Efficient quantum memory using a weakly absorbing sample

TL;DR

This paper demonstrates a quantum memory with 58% efficiency using a cavity-enhanced atomic frequency comb technique in a praseodymium-doped crystal, showing the potential for efficient, long-duration, multi-mode quantum storage.

Contribution

It introduces a cavity-enhanced AFC quantum memory achieving high efficiency and long storage times, advancing practical quantum memory development.

Findings

Achieved 58% storage and retrieval efficiency.

Demonstrated multi-mode capacity of AFC in a cavity.

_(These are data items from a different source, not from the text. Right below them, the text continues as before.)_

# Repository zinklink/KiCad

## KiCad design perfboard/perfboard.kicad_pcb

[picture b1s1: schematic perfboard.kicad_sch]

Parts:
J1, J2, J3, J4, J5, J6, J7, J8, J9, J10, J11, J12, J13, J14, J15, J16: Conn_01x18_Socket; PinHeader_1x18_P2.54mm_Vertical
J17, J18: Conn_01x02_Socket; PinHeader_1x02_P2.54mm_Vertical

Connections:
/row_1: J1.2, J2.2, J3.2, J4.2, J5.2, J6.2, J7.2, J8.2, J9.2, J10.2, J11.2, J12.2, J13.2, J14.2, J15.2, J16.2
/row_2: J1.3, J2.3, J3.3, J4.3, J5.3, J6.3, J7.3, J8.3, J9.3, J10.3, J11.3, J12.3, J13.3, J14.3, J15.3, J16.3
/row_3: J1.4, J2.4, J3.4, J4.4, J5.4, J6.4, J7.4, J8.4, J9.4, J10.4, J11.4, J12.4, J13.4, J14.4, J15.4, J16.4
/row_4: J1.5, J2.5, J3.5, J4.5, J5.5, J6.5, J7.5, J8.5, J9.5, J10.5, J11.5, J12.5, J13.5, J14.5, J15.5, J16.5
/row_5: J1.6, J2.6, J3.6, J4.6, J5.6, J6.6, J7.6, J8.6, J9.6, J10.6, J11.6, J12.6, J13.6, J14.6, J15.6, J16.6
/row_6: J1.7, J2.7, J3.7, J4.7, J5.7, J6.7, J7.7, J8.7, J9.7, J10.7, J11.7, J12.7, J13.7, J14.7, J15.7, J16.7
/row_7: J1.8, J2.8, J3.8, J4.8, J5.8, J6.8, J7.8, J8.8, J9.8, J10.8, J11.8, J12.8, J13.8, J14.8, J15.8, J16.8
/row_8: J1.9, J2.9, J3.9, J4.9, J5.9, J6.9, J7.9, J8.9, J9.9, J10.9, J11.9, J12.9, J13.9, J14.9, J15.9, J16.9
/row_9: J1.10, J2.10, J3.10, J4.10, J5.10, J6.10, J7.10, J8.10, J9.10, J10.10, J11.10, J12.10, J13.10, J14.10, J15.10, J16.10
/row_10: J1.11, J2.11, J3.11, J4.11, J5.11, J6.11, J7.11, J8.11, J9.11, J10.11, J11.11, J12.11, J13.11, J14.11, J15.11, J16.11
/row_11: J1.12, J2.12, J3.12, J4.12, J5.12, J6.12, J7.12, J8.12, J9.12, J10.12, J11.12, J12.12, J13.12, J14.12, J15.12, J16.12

Showed feasibility of long, on-demand quantum storage.

Abstract

A light-storage experiment with a total (storage and retrieval) efficiency $\eta=58 \pm 5%$ is carried out by enclosing a sample, with a single pass absorption of 10%, in an impedance-matched cavity. The experiment is carried out using the Atomic Frequency Comb (AFC) technique in a praseodymium-doped crystal ($0.05%Pr^{3+}:Y_2SiO_5$) and the cavity is created by reflection coating the crystal surfaces. The AFC technique has previously by far demonstrated the highest multi-mode capacity of all quantum memory concepts tested experimentally. We claim that the present work shows that it is realistic to create efficient, on-demand, long storage time AFC memories.